This tool automatically label nodes with GPU properties if a node has one or more AMD GPU installed. This tool leverage controller-runtime in the spirit of Custom Resource Definition (CRD) controller even though we do not define a Custom Resource.
- Node Labeller needs to be run inside a Kubernetes Pod
- The node's hostname need's to be made available inside the container in a text file with the path
/labeller/hostname
. - The Pod containing the Labeller needs to be deployed by a service account with sufficient API access. This can be achieved through the use of ClusterRole and ClusterRoleBinding.
- apiGroups: core ("")
- resources:
nodes
- verbs:
watch
,get
,list
,update
The Labeller needs to be run on all the nodes that are equipped with AMD GPU. The simplist way of doing so is to create a Kubernete DaemonSet, which runs a copy of a pod on all (or some) Nodes in the cluster. An example configuration is available here.
The Labeller currently creates node label for the following AMD GPU properties:
- Device ID (-device-id)
- Product Name (-product-name)
- Driver Version (-driver-version)
- Driver Source Version (-driveri-src-version)
- VRAM Size (-vram)
- Number of SIMD (-simd-count)
- Number of Compute Unit (-cu-count)
- Firmware and Feature Versions (-firmware)

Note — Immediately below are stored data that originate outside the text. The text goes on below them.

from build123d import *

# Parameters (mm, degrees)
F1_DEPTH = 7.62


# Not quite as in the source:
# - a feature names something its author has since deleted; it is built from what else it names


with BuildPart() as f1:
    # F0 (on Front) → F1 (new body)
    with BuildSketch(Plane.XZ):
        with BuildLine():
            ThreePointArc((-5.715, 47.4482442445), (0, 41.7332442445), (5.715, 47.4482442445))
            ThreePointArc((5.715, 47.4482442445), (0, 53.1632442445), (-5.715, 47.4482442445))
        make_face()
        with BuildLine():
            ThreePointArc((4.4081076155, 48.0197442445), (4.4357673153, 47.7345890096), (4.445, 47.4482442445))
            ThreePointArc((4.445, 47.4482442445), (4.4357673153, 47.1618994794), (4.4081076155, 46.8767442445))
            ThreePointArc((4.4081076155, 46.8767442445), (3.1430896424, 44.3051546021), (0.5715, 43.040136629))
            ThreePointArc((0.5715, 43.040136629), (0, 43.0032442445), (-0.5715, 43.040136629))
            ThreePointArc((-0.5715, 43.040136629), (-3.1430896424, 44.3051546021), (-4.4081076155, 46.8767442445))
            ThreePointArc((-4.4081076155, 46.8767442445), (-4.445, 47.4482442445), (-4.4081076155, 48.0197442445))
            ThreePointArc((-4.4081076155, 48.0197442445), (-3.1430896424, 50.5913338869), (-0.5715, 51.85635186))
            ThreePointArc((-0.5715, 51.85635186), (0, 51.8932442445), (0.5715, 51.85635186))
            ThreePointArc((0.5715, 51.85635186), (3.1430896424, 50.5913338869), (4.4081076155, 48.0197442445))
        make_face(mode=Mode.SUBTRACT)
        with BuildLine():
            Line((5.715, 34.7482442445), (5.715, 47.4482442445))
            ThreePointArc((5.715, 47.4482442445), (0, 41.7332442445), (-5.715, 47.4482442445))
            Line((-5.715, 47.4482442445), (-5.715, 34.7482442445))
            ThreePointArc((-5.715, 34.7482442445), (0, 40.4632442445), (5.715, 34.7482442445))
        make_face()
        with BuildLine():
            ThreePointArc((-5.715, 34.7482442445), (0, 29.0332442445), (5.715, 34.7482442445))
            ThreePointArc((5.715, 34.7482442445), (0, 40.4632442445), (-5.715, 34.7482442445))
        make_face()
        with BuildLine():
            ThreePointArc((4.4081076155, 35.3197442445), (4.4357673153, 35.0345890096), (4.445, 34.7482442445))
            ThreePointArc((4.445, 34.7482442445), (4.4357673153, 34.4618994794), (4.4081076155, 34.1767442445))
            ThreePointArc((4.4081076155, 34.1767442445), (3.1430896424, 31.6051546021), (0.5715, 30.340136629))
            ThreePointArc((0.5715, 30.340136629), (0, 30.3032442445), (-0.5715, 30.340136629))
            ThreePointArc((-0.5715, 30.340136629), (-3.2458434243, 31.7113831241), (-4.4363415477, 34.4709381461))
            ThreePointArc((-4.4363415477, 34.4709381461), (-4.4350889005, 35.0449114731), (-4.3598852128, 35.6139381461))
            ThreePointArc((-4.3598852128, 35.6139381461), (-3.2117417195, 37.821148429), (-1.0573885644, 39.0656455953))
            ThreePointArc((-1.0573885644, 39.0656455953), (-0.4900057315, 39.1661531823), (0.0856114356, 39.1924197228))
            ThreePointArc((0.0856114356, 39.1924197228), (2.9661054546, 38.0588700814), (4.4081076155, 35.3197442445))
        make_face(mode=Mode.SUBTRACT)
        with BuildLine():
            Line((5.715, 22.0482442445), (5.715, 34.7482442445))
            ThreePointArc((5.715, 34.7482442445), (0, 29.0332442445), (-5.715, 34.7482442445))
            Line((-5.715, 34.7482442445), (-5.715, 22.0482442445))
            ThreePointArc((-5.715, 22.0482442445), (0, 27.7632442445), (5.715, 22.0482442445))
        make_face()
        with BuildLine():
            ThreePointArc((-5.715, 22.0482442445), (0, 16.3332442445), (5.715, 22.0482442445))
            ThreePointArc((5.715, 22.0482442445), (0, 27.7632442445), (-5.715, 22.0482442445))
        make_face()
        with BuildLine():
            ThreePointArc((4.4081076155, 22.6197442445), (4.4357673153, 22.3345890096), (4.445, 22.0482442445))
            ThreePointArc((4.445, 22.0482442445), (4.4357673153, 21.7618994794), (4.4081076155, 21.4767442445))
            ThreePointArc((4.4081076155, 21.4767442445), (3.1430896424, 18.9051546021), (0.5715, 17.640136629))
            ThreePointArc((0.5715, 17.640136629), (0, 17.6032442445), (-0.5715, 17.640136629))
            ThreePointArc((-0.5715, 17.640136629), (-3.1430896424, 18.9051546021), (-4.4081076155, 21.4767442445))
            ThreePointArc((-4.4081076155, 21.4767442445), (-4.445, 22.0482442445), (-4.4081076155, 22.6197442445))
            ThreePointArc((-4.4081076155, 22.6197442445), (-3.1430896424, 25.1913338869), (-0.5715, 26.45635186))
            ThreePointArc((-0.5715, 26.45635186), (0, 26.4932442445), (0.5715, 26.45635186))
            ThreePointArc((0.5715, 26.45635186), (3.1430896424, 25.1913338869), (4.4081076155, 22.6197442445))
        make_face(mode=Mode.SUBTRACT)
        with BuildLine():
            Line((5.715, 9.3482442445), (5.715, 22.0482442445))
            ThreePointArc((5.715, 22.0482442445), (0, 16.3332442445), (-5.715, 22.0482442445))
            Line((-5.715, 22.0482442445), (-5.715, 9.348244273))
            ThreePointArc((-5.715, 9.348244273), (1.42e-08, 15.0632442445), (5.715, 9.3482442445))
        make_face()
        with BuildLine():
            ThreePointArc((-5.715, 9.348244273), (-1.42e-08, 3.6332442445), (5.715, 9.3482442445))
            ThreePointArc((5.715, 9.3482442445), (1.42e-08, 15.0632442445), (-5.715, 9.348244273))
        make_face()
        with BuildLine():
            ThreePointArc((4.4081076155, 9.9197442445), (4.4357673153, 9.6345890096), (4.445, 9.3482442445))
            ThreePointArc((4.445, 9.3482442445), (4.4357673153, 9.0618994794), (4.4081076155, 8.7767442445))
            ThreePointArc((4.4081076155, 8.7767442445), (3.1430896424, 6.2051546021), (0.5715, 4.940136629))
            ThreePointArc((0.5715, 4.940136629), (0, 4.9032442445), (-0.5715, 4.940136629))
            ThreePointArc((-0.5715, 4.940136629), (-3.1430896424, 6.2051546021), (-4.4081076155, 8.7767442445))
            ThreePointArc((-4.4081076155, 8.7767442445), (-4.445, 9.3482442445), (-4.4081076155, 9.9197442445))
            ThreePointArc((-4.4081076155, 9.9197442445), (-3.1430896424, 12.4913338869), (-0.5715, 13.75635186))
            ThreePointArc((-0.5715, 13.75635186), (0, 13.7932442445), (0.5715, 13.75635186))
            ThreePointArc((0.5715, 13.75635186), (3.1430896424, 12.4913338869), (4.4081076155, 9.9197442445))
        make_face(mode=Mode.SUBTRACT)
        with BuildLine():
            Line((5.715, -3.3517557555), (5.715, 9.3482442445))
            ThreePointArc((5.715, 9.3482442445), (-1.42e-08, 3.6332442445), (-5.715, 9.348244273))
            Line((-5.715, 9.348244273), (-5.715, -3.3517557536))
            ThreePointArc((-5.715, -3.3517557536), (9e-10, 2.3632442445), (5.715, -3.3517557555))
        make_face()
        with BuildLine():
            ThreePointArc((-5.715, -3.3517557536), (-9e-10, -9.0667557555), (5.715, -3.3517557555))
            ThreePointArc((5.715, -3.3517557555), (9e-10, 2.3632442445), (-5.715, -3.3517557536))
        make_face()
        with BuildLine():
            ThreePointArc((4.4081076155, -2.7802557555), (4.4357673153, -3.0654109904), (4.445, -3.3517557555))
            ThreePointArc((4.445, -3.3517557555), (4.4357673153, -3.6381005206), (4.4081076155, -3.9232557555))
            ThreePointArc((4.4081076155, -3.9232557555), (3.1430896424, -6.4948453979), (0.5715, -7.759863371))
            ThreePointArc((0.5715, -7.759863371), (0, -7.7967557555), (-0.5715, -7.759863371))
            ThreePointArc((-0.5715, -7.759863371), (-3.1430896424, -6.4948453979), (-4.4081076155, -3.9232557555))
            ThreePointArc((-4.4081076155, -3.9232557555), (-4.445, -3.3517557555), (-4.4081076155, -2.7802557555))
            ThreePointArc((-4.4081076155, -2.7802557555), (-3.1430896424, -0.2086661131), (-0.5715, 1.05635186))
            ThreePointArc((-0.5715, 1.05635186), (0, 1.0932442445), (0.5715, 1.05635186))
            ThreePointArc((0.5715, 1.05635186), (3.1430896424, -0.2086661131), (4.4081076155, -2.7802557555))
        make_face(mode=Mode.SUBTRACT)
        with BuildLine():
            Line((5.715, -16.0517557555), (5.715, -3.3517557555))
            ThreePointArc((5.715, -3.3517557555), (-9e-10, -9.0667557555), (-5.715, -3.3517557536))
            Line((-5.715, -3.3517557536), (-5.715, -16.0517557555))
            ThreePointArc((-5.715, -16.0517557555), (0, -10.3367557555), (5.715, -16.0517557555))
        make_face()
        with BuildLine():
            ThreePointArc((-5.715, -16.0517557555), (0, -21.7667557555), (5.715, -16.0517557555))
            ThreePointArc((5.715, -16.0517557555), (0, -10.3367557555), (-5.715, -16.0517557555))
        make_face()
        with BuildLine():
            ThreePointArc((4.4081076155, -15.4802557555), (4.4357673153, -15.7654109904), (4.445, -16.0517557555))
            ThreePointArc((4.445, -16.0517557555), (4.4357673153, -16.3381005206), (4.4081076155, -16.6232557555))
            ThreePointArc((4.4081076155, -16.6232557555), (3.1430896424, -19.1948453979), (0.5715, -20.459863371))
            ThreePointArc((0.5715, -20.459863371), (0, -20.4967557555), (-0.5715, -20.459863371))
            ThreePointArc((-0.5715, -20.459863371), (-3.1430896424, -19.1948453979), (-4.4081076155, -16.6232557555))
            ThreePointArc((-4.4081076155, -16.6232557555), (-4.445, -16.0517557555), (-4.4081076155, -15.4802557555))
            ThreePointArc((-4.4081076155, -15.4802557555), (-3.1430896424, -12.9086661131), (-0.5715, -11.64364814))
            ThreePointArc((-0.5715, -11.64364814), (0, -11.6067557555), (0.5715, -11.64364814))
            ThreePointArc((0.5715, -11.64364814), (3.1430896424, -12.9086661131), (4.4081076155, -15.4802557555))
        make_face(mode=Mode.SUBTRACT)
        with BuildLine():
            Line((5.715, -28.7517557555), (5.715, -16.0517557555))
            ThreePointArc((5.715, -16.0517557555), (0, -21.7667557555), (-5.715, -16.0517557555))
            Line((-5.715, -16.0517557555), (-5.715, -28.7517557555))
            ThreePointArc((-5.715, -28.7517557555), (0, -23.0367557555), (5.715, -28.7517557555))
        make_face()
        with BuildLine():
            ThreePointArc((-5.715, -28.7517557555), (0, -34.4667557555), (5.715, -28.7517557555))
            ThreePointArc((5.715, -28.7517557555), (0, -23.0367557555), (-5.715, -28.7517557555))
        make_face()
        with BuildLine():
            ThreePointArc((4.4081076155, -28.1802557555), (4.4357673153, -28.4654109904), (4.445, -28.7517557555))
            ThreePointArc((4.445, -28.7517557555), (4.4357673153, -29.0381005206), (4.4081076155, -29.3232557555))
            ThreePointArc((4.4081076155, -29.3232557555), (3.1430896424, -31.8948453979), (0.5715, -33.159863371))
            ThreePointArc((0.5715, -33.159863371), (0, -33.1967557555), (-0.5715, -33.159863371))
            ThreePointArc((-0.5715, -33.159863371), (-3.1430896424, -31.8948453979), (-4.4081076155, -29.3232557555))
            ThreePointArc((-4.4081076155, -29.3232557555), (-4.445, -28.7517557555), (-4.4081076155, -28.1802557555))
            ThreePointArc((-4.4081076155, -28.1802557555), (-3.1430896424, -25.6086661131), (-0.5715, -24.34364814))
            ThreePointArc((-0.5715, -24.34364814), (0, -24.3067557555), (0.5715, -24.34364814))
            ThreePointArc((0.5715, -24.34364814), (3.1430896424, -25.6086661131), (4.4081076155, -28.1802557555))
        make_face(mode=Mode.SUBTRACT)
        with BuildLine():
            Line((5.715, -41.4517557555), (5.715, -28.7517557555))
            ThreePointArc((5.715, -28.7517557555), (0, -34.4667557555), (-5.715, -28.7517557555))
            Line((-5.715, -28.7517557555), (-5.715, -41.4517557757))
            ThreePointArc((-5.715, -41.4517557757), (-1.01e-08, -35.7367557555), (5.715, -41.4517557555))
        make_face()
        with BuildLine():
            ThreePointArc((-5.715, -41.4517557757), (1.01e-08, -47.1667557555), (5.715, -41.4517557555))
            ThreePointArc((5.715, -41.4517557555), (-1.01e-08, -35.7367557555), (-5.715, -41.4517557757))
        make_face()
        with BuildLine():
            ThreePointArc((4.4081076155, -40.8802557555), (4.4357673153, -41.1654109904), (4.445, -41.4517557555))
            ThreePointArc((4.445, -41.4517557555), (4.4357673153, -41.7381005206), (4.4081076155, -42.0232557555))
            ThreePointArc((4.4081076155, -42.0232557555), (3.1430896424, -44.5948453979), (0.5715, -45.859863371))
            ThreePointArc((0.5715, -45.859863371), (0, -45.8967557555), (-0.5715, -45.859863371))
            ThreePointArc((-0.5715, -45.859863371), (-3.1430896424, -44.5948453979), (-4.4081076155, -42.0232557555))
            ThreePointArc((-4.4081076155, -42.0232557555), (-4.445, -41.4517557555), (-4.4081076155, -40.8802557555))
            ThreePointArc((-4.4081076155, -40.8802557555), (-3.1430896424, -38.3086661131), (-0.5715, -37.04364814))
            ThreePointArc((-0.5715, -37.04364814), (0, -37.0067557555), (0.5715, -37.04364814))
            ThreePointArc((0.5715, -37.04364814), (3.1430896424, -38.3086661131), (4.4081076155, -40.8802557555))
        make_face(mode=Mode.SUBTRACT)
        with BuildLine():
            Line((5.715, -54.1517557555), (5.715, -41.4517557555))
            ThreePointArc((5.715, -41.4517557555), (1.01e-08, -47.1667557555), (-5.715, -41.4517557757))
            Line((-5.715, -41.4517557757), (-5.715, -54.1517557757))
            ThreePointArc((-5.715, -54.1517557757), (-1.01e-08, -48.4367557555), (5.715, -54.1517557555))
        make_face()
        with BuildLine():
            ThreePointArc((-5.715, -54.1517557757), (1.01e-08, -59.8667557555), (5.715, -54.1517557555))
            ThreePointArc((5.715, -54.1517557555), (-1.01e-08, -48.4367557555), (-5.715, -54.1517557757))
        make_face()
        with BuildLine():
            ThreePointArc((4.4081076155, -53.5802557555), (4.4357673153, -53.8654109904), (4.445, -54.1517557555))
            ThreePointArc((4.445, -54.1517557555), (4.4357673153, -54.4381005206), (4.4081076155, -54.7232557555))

- GPU Family, in two letters acronym (-family)
- SI - Southern Islands
- CI - Sea Islands
- KV - Kaveri
- VI - Volcanic Islands
- CZ - Carrizo
- AI - Arctic Islands
- RV - Raven
- NV - Navi
- VGH - Van Gogh
- GC_11_0_0 - GC 11.0.0
- YC - Yellow Carp
- GC_11_0_1 - GC 11.0.1
- GC_10_3_6 - GC 10.3.6
- GC_10_3_7 - GC 10.3.7
- GC_11_5_0 - GC 11.5.0
Example result
$ kubectl describe node cluster-node-23
Name: cluster-node-23
Roles: <none>
Labels: beta.amd.com/gpu.cu-count.64=1
beta.amd.com/gpu.device-id.6860=1
beta.amd.com/gpu.family.AI=1
beta.amd.com/gpu.simd-count.256=1
beta.amd.com/gpu.vram.16G=1
beta.kubernetes.io/arch=amd64
beta.kubernetes.io/os=linux
kubernetes.io/hostname=cluster-node-23
Annotations: kubeadm.alpha.kubernetes.io/cri-socket: /var/run/dockershim.sock
node.alpha.kubernetes.io/ttl: 0
......
You can selectively expose the GPU properties by passing in the corresponding flag. For example, to only explose VRAM and Device ID as node labels, run the Node Labeller like this:
$ ./k8s-node-labeller -vram -device-id
Once the Node Labeller is deployed and functional, you can select specific nodes via Kubernetes' label selector. For example, to select nodes with only 8GB of VRAM:
$ kubectl get nodes -l beta.amd.com/gpu.vram.8G
While container scheduling via label selector works for heterogeneous cluster, it requires homogenous nodes. For example, you can have a node with just Fiji and just Vega10 in the same cluster but not a node that has both Fiji and Vg10 cards in it.